From the first line of the records below, transcribe each line exactly up to and including the one with "#43=DIRECTION('',(0.,0.,1.));"; pictures stay out.

Stored data entries:
-=-=-

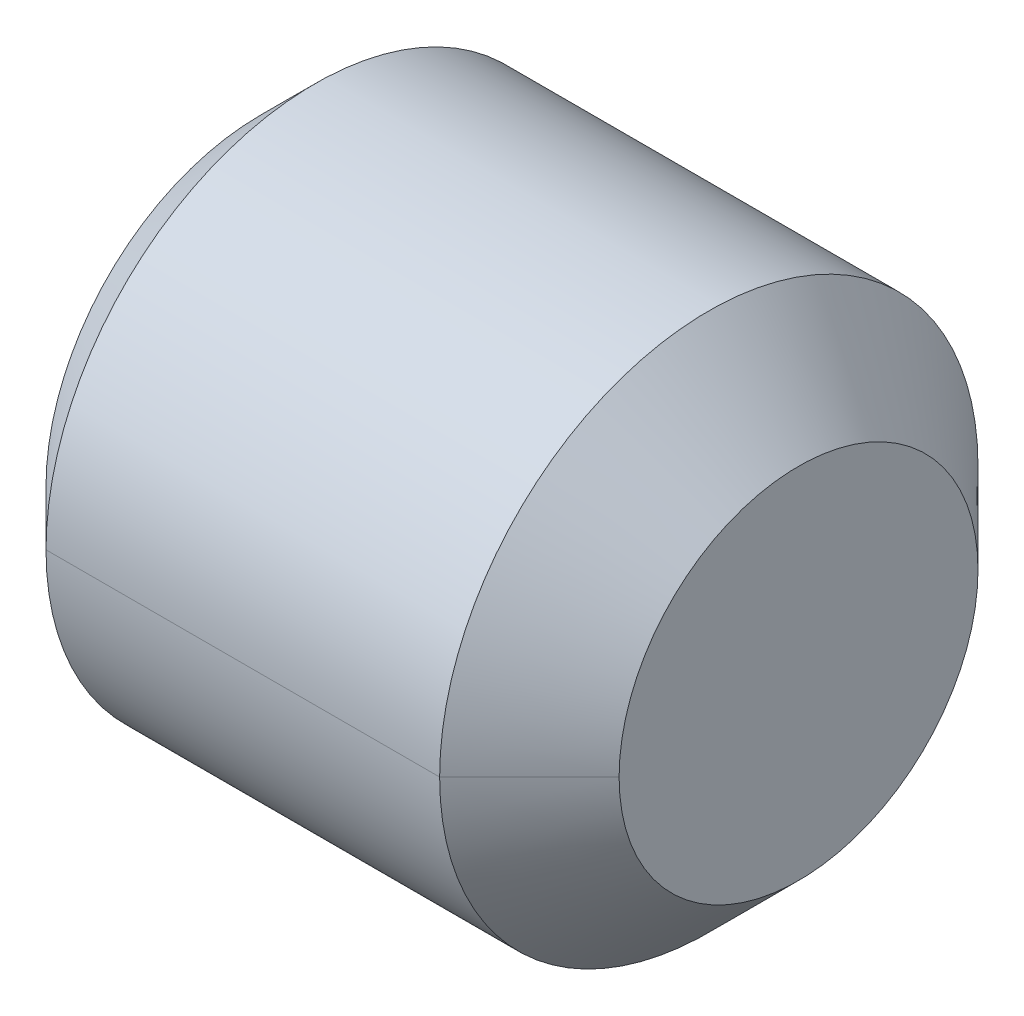
ISO-10303-21;
HEADER;
FILE_DESCRIPTION(('STEP AP214'),'2;1');
FILE_NAME('part.step','',(''),(''),'','','');
FILE_SCHEMA(('AUTOMOTIVE_DESIGN { 1 0 10303 214 1 1 1 1 }'));
ENDSEC;
DATA;
#1=APPLICATION_CONTEXT('core data for automotive mechanical design processes');
#2=APPLICATION_PROTOCOL_DEFINITION('international standard','automotive_design',2000,#1);
#3=PRODUCT_CONTEXT('',#1,'mechanical');
#4=PRODUCT('Part','Part','',(#3));
#5=PRODUCT_RELATED_PRODUCT_CATEGORY('part','',(#4));
#6=PRODUCT_DEFINITION_FORMATION('','',#4);
#7=PRODUCT_DEFINITION_CONTEXT('part definition',#1,'design');
#8=PRODUCT_DEFINITION('design','',#6,#7);
#9=PRODUCT_DEFINITION_SHAPE('','',#8);
#10=(LENGTH_UNIT() NAMED_UNIT(*) SI_UNIT(.MILLI.,.METRE.));
#11=(NAMED_UNIT(*) PLANE_ANGLE_UNIT() SI_UNIT($,.RADIAN.));
#12=(NAMED_UNIT(*) SI_UNIT($,.STERADIAN.) SOLID_ANGLE_UNIT());
#13=UNCERTAINTY_MEASURE_WITH_UNIT(LENGTH_MEASURE(1.E-05),#10,'distance_accuracy_value','');
#14=(GEOMETRIC_REPRESENTATION_CONTEXT(3) GLOBAL_UNCERTAINTY_ASSIGNED_CONTEXT((#13)) GLOBAL_UNIT_ASSIGNED_CONTEXT((#10,
#11,#12)) REPRESENTATION_CONTEXT('',''));
#15=CARTESIAN_POINT('',(0.,0.,0.));
#16=DIRECTION('',(0.,0.,1.));
#17=DIRECTION('',(1.,0.,0.));
#18=AXIS2_PLACEMENT_3D('',#15,#16,#17);
#19=CARTESIAN_POINT('',(-1.8,0.,0.));
#20=DIRECTION('',(-1.,0.,0.));
#21=DIRECTION('',(0.,0.,1.));
#22=AXIS2_PLACEMENT_3D('',#19,#20,#21);
#23=PLANE('',#22);
#24=DIRECTION('',(0.,0.866025403784438,0.5));
#25=VECTOR('',#24,1.);
#26=CARTESIAN_POINT('',(-1.8,-0.75,0.43301270189222));
#27=LINE('',#26,#25);
#28=CARTESIAN_POINT('',(-1.8,-0.75,0.43301270189222));
#29=VERTEX_POINT('',#28);
#30=CARTESIAN_POINT('',(-1.8,-0.375,0.64951905283833));
#31=VERTEX_POINT('',#30);
#32=EDGE_CURVE('E11',#29,#31,#27,.T.);
#33=ORIENTED_EDGE('',*,*,#32,.T.);
#34=CARTESIAN_POINT('',(-1.8,0.,0.));
#35=DIRECTION('',(1.,0.,0.));
#36=DIRECTION('',(0.,0.,1.));
#37=AXIS2_PLACEMENT_3D('',#34,#35,#36);
#38=CIRCLE('',#37,0.75);
#39=CARTESIAN_POINT('',(-1.8,-0.75,0.));
#40=VERTEX_POINT('',#39);
#41=EDGE_CURVE('E24',#31,#40,#38,.T.);
#42=ORIENTED_EDGE('',*,*,#41,.T.);
#43=DIRECTION('',(0.,0.,1.));
#44=VECTOR('',#43,1.);
#45=CARTESIAN_POINT('',(-1.8,-0.75,-0.43301270189222));
#46=LINE('',#45,#44);
#47=EDGE_CURVE('E333',#40,#29,#46,.T.);
#48=ORIENTED_EDGE('',*,*,#47,.T.);
#49=EDGE_LOOP('',(#33,#42,#48));
#50=FACE_BOUND('',#49,.T.);
#51=ADVANCED_FACE('F16',(#50),#23,.T.);
#52=CARTESIAN_POINT('',(-1.8,-0.75,-0.43301270189222));
#53=DIRECTION('',(0.,-1.,0.));
#54=DIRECTION('',(0.,0.,-1.));
#55=AXIS2_PLACEMENT_3D('',#52,#53,#54);
#56=PLANE('',#55);
#57=DIRECTION('',(0.,0.,1.));
#58=VECTOR('',#57,1.);
#59=CARTESIAN_POINT('',(-3.,-0.75,-0.43301270189222));
#60=LINE('',#59,#58);
#61=CARTESIAN_POINT('',(-3.,-0.75,-0.43301270189222));
#62=VERTEX_POINT('',#61);
#63=CARTESIAN_POINT('',(-3.,-0.75,0.43301270189222));
#64=VERTEX_POINT('',#63);
#65=EDGE_CURVE('E329',#62,#64,#60,.T.);
#66=ORIENTED_EDGE('',*,*,#65,.T.);
#67=DIRECTION('',(-1.,0.,0.));
#68=VECTOR('',#67,1.);
#69=CARTESIAN_POINT('',(-1.8,-0.75,0.43301270189222));
#70=LINE('',#69,#68);
#71=EDGE_CURVE('E324',#29,#64,#70,.T.);
#72=ORIENTED_EDGE('',*,*,#71,.F.);
#73=ORIENTED_EDGE('',*,*,#47,.F.);
#74=DIRECTION('',(0.,0.,1.));
#75=VECTOR('',#74,1.);
#76=CARTESIAN_POINT('',(-1.8,-0.75,-0.43301270189222));
#77=LINE('',#76,#75);
#78=CARTESIAN_POINT('',(-1.8,-0.75,-0.43301270189222));
#79=VERTEX_POINT('',#78);
#80=EDGE_CURVE('E319',#79,#40,#77,.T.);
#81=ORIENTED_EDGE('',*,*,#80,.F.);
#82=DIRECTION('',(-1.,0.,0.));
#83=VECTOR('',#82,1.);
#84=CARTESIAN_POINT('',(-1.8,-0.75,-0.43301270189222));
#85=LINE('',#84,#83);
#86=EDGE_CURVE('E315',#79,#62,#85,.T.);
#87=ORIENTED_EDGE('',*,*,#86,.T.);
#88=EDGE_LOOP('',(#66,#72,#73,#81,#87));
#89=FACE_BOUND('',#88,.T.);
#90=ADVANCED_FACE('F344',(#89),#56,.F.);
#91=CARTESIAN_POINT('',(-1.8,0.,-0.86602540378444));
#92=DIRECTION('',(0.,-0.5,-0.866025403784439));
#93=DIRECTION('',(0.,0.866025403784439,-0.5));
#94=AXIS2_PLACEMENT_3D('',#91,#92,#93);
#95=PLANE('',#94);
#96=DIRECTION('',(0.,-0.866025403784438,0.5));
#97=VECTOR('',#96,1.);
#98=CARTESIAN_POINT('',(-3.,0.,-0.86602540378444));
#99=LINE('',#98,#97);
#100=CARTESIAN_POINT('',(-3.,0.,-0.86602540378444));
#101=VERTEX_POINT('',#100);
#102=EDGE_CURVE('E310',#101,#62,#99,.T.);
#103=ORIENTED_EDGE('',*,*,#102,.T.);
#104=ORIENTED_EDGE('',*,*,#86,.F.);
#105=DIRECTION('',(0.,-0.866025403784438,0.5));
#106=VECTOR('',#105,1.);
#107=CARTESIAN_POINT('',(-1.8,0.,-0.86602540378444));
#108=LINE('',#107,#106);
#109=CARTESIAN_POINT('',(-1.8,-0.375,-0.649519052838329));
#110=VERTEX_POINT('',#109);
#111=EDGE_CURVE('E305',#110,#79,#108,.T.);
#112=ORIENTED_EDGE('',*,*,#111,.F.);
#113=DIRECTION('',(0.,-0.866025403784438,0.5));
#114=VECTOR('',#113,1.);
#115=CARTESIAN_POINT('',(-1.8,0.,-0.86602540378444));
#116=LINE('',#115,#114);
#117=CARTESIAN_POINT('',(-1.8,0.,-0.86602540378444));
#118=VERTEX_POINT('',#117);
#119=EDGE_CURVE('E300',#118,#110,#116,.T.);
#120=ORIENTED_EDGE('',*,*,#119,.F.);
#121=DIRECTION('',(-1.,0.,0.));
#122=VECTOR('',#121,1.);
#123=CARTESIAN_POINT('',(-1.8,0.,-0.86602540378444));
#124=LINE('',#123,#122);
#125=EDGE_CURVE('E296',#118,#101,#124,.T.);
#126=ORIENTED_EDGE('',*,*,#125,.T.);
#127=EDGE_LOOP('',(#103,#104,#112,#120,#126));
#128=FACE_BOUND('',#127,.T.);
#129=ADVANCED_FACE('F362',(#128),#95,.F.);
#130=CARTESIAN_POINT('',(-1.8,0.75,-0.43301270189222));
#131=DIRECTION('',(0.,0.5,-0.866025403784439));
#132=DIRECTION('',(0.,0.866025403784439,0.5));
#133=AXIS2_PLACEMENT_3D('',#130,#131,#132);
#134=PLANE('',#133);
#135=DIRECTION('',(0.,-0.866025403784438,-0.5));
#136=VECTOR('',#135,1.);
#137=CARTESIAN_POINT('',(-3.,0.75,-0.43301270189222));
#138=LINE('',#137,#136);
#139=CARTESIAN_POINT('',(-3.,0.75,-0.43301270189222));
#140=VERTEX_POINT('',#139);
#141=EDGE_CURVE('E291',#140,#101,#138,.T.);
#142=ORIENTED_EDGE('',*,*,#141,.T.);
#143=ORIENTED_EDGE('',*,*,#125,.F.);
#144=DIRECTION('',(0.,-0.866025403784438,-0.5));
#145=VECTOR('',#144,1.);
#146=CARTESIAN_POINT('',(-1.8,0.75,-0.43301270189222));
#147=LINE('',#146,#145);
#148=CARTESIAN_POINT('',(-1.8,0.375,-0.649519052838329));
#149=VERTEX_POINT('',#148);
#150=EDGE_CURVE('E286',#149,#118,#147,.T.);
#151=ORIENTED_EDGE('',*,*,#150,.F.);
#152=DIRECTION('',(0.,-0.866025403784438,-0.5));
#153=VECTOR('',#152,1.);
#154=CARTESIAN_POINT('',(-1.8,0.75,-0.43301270189222));
#155=LINE('',#154,#153);
#156=CARTESIAN_POINT('',(-1.8,0.75,-0.43301270189222));
#157=VERTEX_POINT('',#156);
#158=EDGE_CURVE('E281',#157,#149,#155,.T.);
#159=ORIENTED_EDGE('',*,*,#158,.F.);
#160=DIRECTION('',(-1.,0.,0.));
#161=VECTOR('',#160,1.);
#162=CARTESIAN_POINT('',(-1.8,0.75,-0.43301270189222));
#163=LINE('',#162,#161);
#164=EDGE_CURVE('E277',#157,#140,#163,.T.);
#165=ORIENTED_EDGE('',*,*,#164,.T.);
#166=EDGE_LOOP('',(#142,#143,#151,#159,#165));
#167=FACE_BOUND('',#166,.T.);
#168=ADVANCED_FACE('F382',(#167),#134,.F.);
#169=CARTESIAN_POINT('',(-1.8,0.75,0.43301270189222));
#170=DIRECTION('',(0.,1.,0.));
#171=DIRECTION('',(0.,0.,1.));
#172=AXIS2_PLACEMENT_3D('',#169,#170,#171);
#173=PLANE('',#172);
#174=DIRECTION('',(-1.,0.,0.));
#175=VECTOR('',#174,1.);
#176=CARTESIAN_POINT('',(-1.8,0.75,0.43301270189222));
#177=LINE('',#176,#175);
#178=CARTESIAN_POINT('',(-1.8,0.75,0.43301270189222));
#179=VERTEX_POINT('',#178);
#180=CARTESIAN_POINT('',(-3.,0.75,0.43301270189222));
#181=VERTEX_POINT('',#180);
#182=EDGE_CURVE('E273',#179,#181,#177,.T.);
#183=ORIENTED_EDGE('',*,*,#182,.T.);
#184=DIRECTION('',(0.,0.,1.));
#185=VECTOR('',#184,1.);
#186=CARTESIAN_POINT('',(-3.,0.75,0.));
#187=LINE('',#186,#185);
#188=EDGE_CURVE('E268',#140,#181,#187,.T.);
#189=ORIENTED_EDGE('',*,*,#188,.F.);
#190=ORIENTED_EDGE('',*,*,#164,.F.);
#191=DIRECTION('',(0.,0.,-1.));
#192=VECTOR('',#191,1.);
#193=CARTESIAN_POINT('',(-1.8,0.75,0.43301270189222));
#194=LINE('',#193,#192);
#195=CARTESIAN_POINT('',(-1.8,0.75,0.));
#196=VERTEX_POINT('',#195);
#197=EDGE_CURVE('E263',#196,#157,#194,.T.);
#198=ORIENTED_EDGE('',*,*,#197,.F.);
#199=DIRECTION('',(0.,0.,-1.));
#200=VECTOR('',#199,1.);
#201=CARTESIAN_POINT('',(-1.8,0.75,0.43301270189222));
#202=LINE('',#201,#200);
#203=EDGE_CURVE('E258',#179,#196,#202,.T.);
#204=ORIENTED_EDGE('',*,*,#203,.F.);
#205=EDGE_LOOP('',(#183,#189,#190,#198,#204));
#206=FACE_BOUND('',#205,.T.);
#207=ADVANCED_FACE('F385',(#206),#173,.F.);
#208=CARTESIAN_POINT('',(-1.8,0.,0.));
#209=DIRECTION('',(-1.,0.,0.));
#210=DIRECTION('',(0.,0.,1.));
#211=AXIS2_PLACEMENT_3D('',#208,#209,#210);
#212=PLANE('',#211);
#213=ORIENTED_EDGE('',*,*,#203,.T.);
#214=CARTESIAN_POINT('',(-1.8,0.,0.));
#215=DIRECTION('',(1.,0.,0.));
#216=DIRECTION('',(0.,0.,-1.));
#217=AXIS2_PLACEMENT_3D('',#214,#215,#216);
#218=CIRCLE('',#217,0.75);
#219=CARTESIAN_POINT('',(-1.8,0.375,0.649519052838329));
#220=VERTEX_POINT('',#219);
#221=EDGE_CURVE('E254',#196,#220,#218,.T.);
#222=ORIENTED_EDGE('',*,*,#221,.T.);
#223=DIRECTION('',(0.,0.866025403784438,-0.5));
#224=VECTOR('',#223,1.);
#225=CARTESIAN_POINT('',(-1.8,0.,0.86602540378444));
#226=LINE('',#225,#224);
#227=EDGE_CURVE('E249',#220,#179,#226,.T.);
#228=ORIENTED_EDGE('',*,*,#227,.T.);
#229=EDGE_LOOP('',(#213,#222,#228));
#230=FACE_BOUND('',#229,.T.);
#231=ADVANCED_FACE('F387',(#230),#212,.T.);
#232=CARTESIAN_POINT('',(-1.8,0.,0.86602540378444));
#233=DIRECTION('',(0.,0.5,0.866025403784439));
#234=DIRECTION('',(0.,-0.866025403784439,0.5));
#235=AXIS2_PLACEMENT_3D('',#232,#233,#234);
#236=PLANE('',#235);
#237=DIRECTION('',(0.,0.866025403784438,-0.5));
#238=VECTOR('',#237,1.);
#239=CARTESIAN_POINT('',(-3.,0.,0.86602540378444));
#240=LINE('',#239,#238);
#241=CARTESIAN_POINT('',(-3.,0.,0.86602540378444));
#242=VERTEX_POINT('',#241);
#243=EDGE_CURVE('E244',#242,#181,#240,.T.);
#244=ORIENTED_EDGE('',*,*,#243,.T.);
#245=ORIENTED_EDGE('',*,*,#182,.F.);
#246=ORIENTED_EDGE('',*,*,#227,.F.);
#247=DIRECTION('',(0.,0.866025403784438,-0.5));
#248=VECTOR('',#247,1.);
#249=CARTESIAN_POINT('',(-1.8,0.,0.86602540378444));
#250=LINE('',#249,#248);
#251=CARTESIAN_POINT('',(-1.8,0.,0.86602540378444));
#252=VERTEX_POINT('',#251);
#253=EDGE_CURVE('E239',#252,#220,#250,.T.);
#254=ORIENTED_EDGE('',*,*,#253,.F.);
#255=DIRECTION('',(-1.,0.,0.));
#256=VECTOR('',#255,1.);
#257=CARTESIAN_POINT('',(-1.8,0.,0.86602540378444));
#258=LINE('',#257,#256);
#259=EDGE_CURVE('E235',#252,#242,#258,.T.);
#260=ORIENTED_EDGE('',*,*,#259,.T.);
#261=EDGE_LOOP('',(#244,#245,#246,#254,#260));
#262=FACE_BOUND('',#261,.T.);
#263=ADVANCED_FACE('F371',(#262),#236,.F.);
#264=CARTESIAN_POINT('',(-1.8,-0.75,0.43301270189222));
#265=DIRECTION('',(0.,-0.5,0.866025403784439));
#266=DIRECTION('',(0.,-0.866025403784439,-0.5));
#267=AXIS2_PLACEMENT_3D('',#264,#265,#266);
#268=PLANE('',#267);
#269=DIRECTION('',(0.,0.866025403784438,0.5));
#270=VECTOR('',#269,1.);
#271=CARTESIAN_POINT('',(-3.,-0.75,0.43301270189222));
#272=LINE('',#271,#270);
#273=EDGE_CURVE('E230',#64,#242,#272,.T.);
#274=ORIENTED_EDGE('',*,*,#273,.T.);
#275=ORIENTED_EDGE('',*,*,#259,.F.);
#276=DIRECTION('',(0.,0.866025403784438,0.5));
#277=VECTOR('',#276,1.);
#278=CARTESIAN_POINT('',(-1.8,-0.75,0.43301270189222));
#279=LINE('',#278,#277);
#280=EDGE_CURVE('E225',#31,#252,#279,.T.);
#281=ORIENTED_EDGE('',*,*,#280,.F.);
#282=ORIENTED_EDGE('',*,*,#32,.F.);
#283=ORIENTED_EDGE('',*,*,#71,.T.);
#284=EDGE_LOOP('',(#274,#275,#281,#282,#283));
#285=FACE_BOUND('',#284,.T.);
#286=ADVANCED_FACE('F348',(#285),#268,.F.);
#287=CARTESIAN_POINT('',(-1.8,0.,0.));
#288=DIRECTION('',(-1.,0.,0.));
#289=DIRECTION('',(0.,0.,1.));
#290=AXIS2_PLACEMENT_3D('',#287,#288,#289);
#291=PLANE('',#290);
#292=ORIENTED_EDGE('',*,*,#253,.T.);
#293=CARTESIAN_POINT('',(-1.8,0.,0.));
#294=DIRECTION('',(1.,0.,0.));
#295=DIRECTION('',(0.,0.,1.));
#296=AXIS2_PLACEMENT_3D('',#293,#294,#295);
#297=CIRCLE('',#296,0.75);
#298=CARTESIAN_POINT('',(-1.8,0.,0.75));
#299=VERTEX_POINT('',#298);
#300=EDGE_CURVE('E221',#220,#299,#297,.T.);
#301=ORIENTED_EDGE('',*,*,#300,.T.);
#302=CARTESIAN_POINT('',(-1.8,0.,0.));
#303=DIRECTION('',(1.,0.,0.));
#304=DIRECTION('',(0.,0.,1.));
#305=AXIS2_PLACEMENT_3D('',#302,#303,#304);
#306=CIRCLE('',#305,0.75);
#307=EDGE_CURVE('E216',#299,#31,#306,.T.);
#308=ORIENTED_EDGE('',*,*,#307,.T.);
#309=ORIENTED_EDGE('',*,*,#280,.T.);
#310=EDGE_LOOP('',(#292,#301,#308,#309));
#311=FACE_BOUND('',#310,.T.);
#312=ADVANCED_FACE('F352',(#311),#291,.T.);
#313=CARTESIAN_POINT('',(-1.8,0.,0.));
#314=DIRECTION('',(-1.,0.,0.));
#315=DIRECTION('',(0.,1.,0.));
#316=AXIS2_PLACEMENT_3D('',#313,#314,#315);
#317=CONICAL_SURFACE('',#316,0.75,1.04719755119662);
#318=DIRECTION('',(-0.499999999999983,0.,-0.866025403784448));
#319=VECTOR('',#318,1.);
#320=CARTESIAN_POINT('',(-1.3669872981078,0.,0.));
#321=LINE('',#320,#319);
#322=CARTESIAN_POINT('',(-1.3669872981078,0.,0.));
#323=VERTEX_POINT('',#322);
#324=CARTESIAN_POINT('',(-1.8,0.,-0.75));
#325=VERTEX_POINT('',#324);
#326=EDGE_CURVE('E212',#323,#325,#321,.T.);
#327=ORIENTED_EDGE('',*,*,#326,.T.);
#328=CARTESIAN_POINT('',(-1.8,0.,0.));
#329=DIRECTION('',(1.,0.,0.));
#330=DIRECTION('',(0.,0.,1.));
#331=AXIS2_PLACEMENT_3D('',#328,#329,#330);
#332=CIRCLE('',#331,0.75);
#333=EDGE_CURVE('E207',#110,#325,#332,.T.);
#334=ORIENTED_EDGE('',*,*,#333,.F.);
#335=CARTESIAN_POINT('',(-1.8,0.,0.));
#336=DIRECTION('',(1.,0.,0.));
#337=DIRECTION('',(0.,0.,1.));
#338=AXIS2_PLACEMENT_3D('',#335,#336,#337);
#339=CIRCLE('',#338,0.75);
#340=EDGE_CURVE('E202',#40,#110,#339,.T.);
#341=ORIENTED_EDGE('',*,*,#340,.F.);
#342=ORIENTED_EDGE('',*,*,#41,.F.);
#343=ORIENTED_EDGE('',*,*,#307,.F.);
#344=DIRECTION('',(-0.499999999999983,0.,0.866025403784448));
#345=VECTOR('',#344,1.);
#346=CARTESIAN_POINT('',(-1.3669872981078,0.,0.));
#347=LINE('',#346,#345);
#348=EDGE_CURVE('E197',#323,#299,#347,.T.);
#349=ORIENTED_EDGE('',*,*,#348,.F.);
#350=EDGE_LOOP('',(#327,#334,#341,#342,#343,#349));
#351=FACE_BOUND('',#350,.T.);
#352=ADVANCED_FACE('F355',(#351),#317,.F.);
#353=CARTESIAN_POINT('',(-1.8,0.,0.));
#354=DIRECTION('',(-1.,0.,0.));
#355=DIRECTION('',(0.,-1.,0.));
#356=AXIS2_PLACEMENT_3D('',#353,#354,#355);
#357=CONICAL_SURFACE('',#356,0.75,1.04719755119662);
#358=ORIENTED_EDGE('',*,*,#348,.T.);
#359=ORIENTED_EDGE('',*,*,#300,.F.);
#360=ORIENTED_EDGE('',*,*,#221,.F.);
#361=CARTESIAN_POINT('',(-1.8,0.,0.));
#362=DIRECTION('',(1.,0.,0.));
#363=DIRECTION('',(0.,0.,1.));
#364=AXIS2_PLACEMENT_3D('',#361,#362,#363);
#365=CIRCLE('',#364,0.75);
#366=EDGE_CURVE('E192',#149,#196,#365,.T.);
#367=ORIENTED_EDGE('',*,*,#366,.F.);
#368=CARTESIAN_POINT('',(-1.8,0.,0.));
#369=DIRECTION('',(1.,0.,0.));
#370=DIRECTION('',(0.,0.,1.));
#371=AXIS2_PLACEMENT_3D('',#368,#369,#370);
#372=CIRCLE('',#371,0.75);
#373=EDGE_CURVE('E187',#325,#149,#372,.T.);
#374=ORIENTED_EDGE('',*,*,#373,.F.);
#375=ORIENTED_EDGE('',*,*,#326,.F.);
#376=EDGE_LOOP('',(#358,#359,#360,#367,#374,#375));
#377=FACE_BOUND('',#376,.T.);
#378=ADVANCED_FACE('F375',(#377),#357,.F.);
#379=CARTESIAN_POINT('',(-1.8,0.,0.));
#380=DIRECTION('',(-1.,0.,0.));
#381=DIRECTION('',(0.,0.,1.));
#382=AXIS2_PLACEMENT_3D('',#379,#380,#381);
#383=PLANE('',#382);
#384=ORIENTED_EDGE('',*,*,#119,.T.);
#385=ORIENTED_EDGE('',*,*,#333,.T.);
#386=ORIENTED_EDGE('',*,*,#373,.T.);
#387=ORIENTED_EDGE('',*,*,#150,.T.);
#388=EDGE_LOOP('',(#384,#385,#386,#387));
#389=FACE_BOUND('',#388,.T.);
#390=ADVANCED_FACE('F380',(#389),#383,.T.);
#391=CARTESIAN_POINT('',(-1.8,0.,0.));
#392=DIRECTION('',(-1.,0.,0.));
#393=DIRECTION('',(0.,0.,1.));
#394=AXIS2_PLACEMENT_3D('',#391,#392,#393);
#395=PLANE('',#394);
#396=ORIENTED_EDGE('',*,*,#158,.T.);
#397=ORIENTED_EDGE('',*,*,#366,.T.);
#398=ORIENTED_EDGE('',*,*,#197,.T.);
#399=EDGE_LOOP('',(#396,#397,#398));
#400=FACE_BOUND('',#399,.T.);
#401=ADVANCED_FACE('F479',(#400),#395,.T.);
#402=CARTESIAN_POINT('',(-1.8,0.,0.));
#403=DIRECTION('',(-1.,0.,0.));
#404=DIRECTION('',(0.,0.,1.));
#405=AXIS2_PLACEMENT_3D('',#402,#403,#404);
#406=PLANE('',#405);
#407=ORIENTED_EDGE('',*,*,#80,.T.);
#408=ORIENTED_EDGE('',*,*,#340,.T.);
#409=ORIENTED_EDGE('',*,*,#111,.T.);
#410=EDGE_LOOP('',(#407,#408,#409));
#411=FACE_BOUND('',#410,.T.);
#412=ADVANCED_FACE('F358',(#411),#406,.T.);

-=-=-

**TASK ANSWER**
ISO-10303-21;
HEADER;
FILE_DESCRIPTION(('STEP AP214'),'2;1');
FILE_NAME('part.step','',(''),(''),'','','');
FILE_SCHEMA(('AUTOMOTIVE_DESIGN { 1 0 10303 214 1 1 1 1 }'));
ENDSEC;
DATA;
#1=APPLICATION_CONTEXT('core data for automotive mechanical design processes');
#2=APPLICATION_PROTOCOL_DEFINITION('international standard','automotive_design',2000,#1);
#3=PRODUCT_CONTEXT('',#1,'mechanical');
#4=PRODUCT('Part','Part','',(#3));
#5=PRODUCT_RELATED_PRODUCT_CATEGORY('part','',(#4));
#6=PRODUCT_DEFINITION_FORMATION('','',#4);
#7=PRODUCT_DEFINITION_CONTEXT('part definition',#1,'design');
#8=PRODUCT_DEFINITION('design','',#6,#7);
#9=PRODUCT_DEFINITION_SHAPE('','',#8);
#10=(LENGTH_UNIT() NAMED_UNIT(*) SI_UNIT(.MILLI.,.METRE.));
#11=(NAMED_UNIT(*) PLANE_ANGLE_UNIT() SI_UNIT($,.RADIAN.));
#12=(NAMED_UNIT(*) SI_UNIT($,.STERADIAN.) SOLID_ANGLE_UNIT());
#13=UNCERTAINTY_MEASURE_WITH_UNIT(LENGTH_MEASURE(1.E-05),#10,'distance_accuracy_value','');
#14=(GEOMETRIC_REPRESENTATION_CONTEXT(3) GLOBAL_UNCERTAINTY_ASSIGNED_CONTEXT((#13)) GLOBAL_UNIT_ASSIGNED_CONTEXT((#10,
#11,#12)) REPRESENTATION_CONTEXT('',''));
#15=CARTESIAN_POINT('',(0.,0.,0.));
#16=DIRECTION('',(0.,0.,1.));
#17=DIRECTION('',(1.,0.,0.));
#18=AXIS2_PLACEMENT_3D('',#15,#16,#17);
#19=CARTESIAN_POINT('',(-1.8,0.,0.));
#20=DIRECTION('',(-1.,0.,0.));
#21=DIRECTION('',(0.,0.,1.));
#22=AXIS2_PLACEMENT_3D('',#19,#20,#21);
#23=PLANE('',#22);
#24=DIRECTION('',(0.,0.866025403784438,0.5));
#25=VECTOR('',#24,1.);
#26=CARTESIAN_POINT('',(-1.8,-0.75,0.43301270189222));
#27=LINE('',#26,#25);
#28=CARTESIAN_POINT('',(-1.8,-0.75,0.43301270189222));
#29=VERTEX_POINT('',#28);
#30=CARTESIAN_POINT('',(-1.8,-0.375,0.64951905283833));
#31=VERTEX_POINT('',#30);
#32=EDGE_CURVE('E11',#29,#31,#27,.T.);
#33=ORIENTED_EDGE('',*,*,#32,.T.);
#34=CARTESIAN_POINT('',(-1.8,0.,0.));
#35=DIRECTION('',(1.,0.,0.));
#36=DIRECTION('',(0.,0.,1.));
#37=AXIS2_PLACEMENT_3D('',#34,#35,#36);
#38=CIRCLE('',#37,0.75);
#39=CARTESIAN_POINT('',(-1.8,-0.75,0.));
#40=VERTEX_POINT('',#39);
#41=EDGE_CURVE('E24',#31,#40,#38,.T.);
#42=ORIENTED_EDGE('',*,*,#41,.T.);
#43=DIRECTION('',(0.,0.,1.));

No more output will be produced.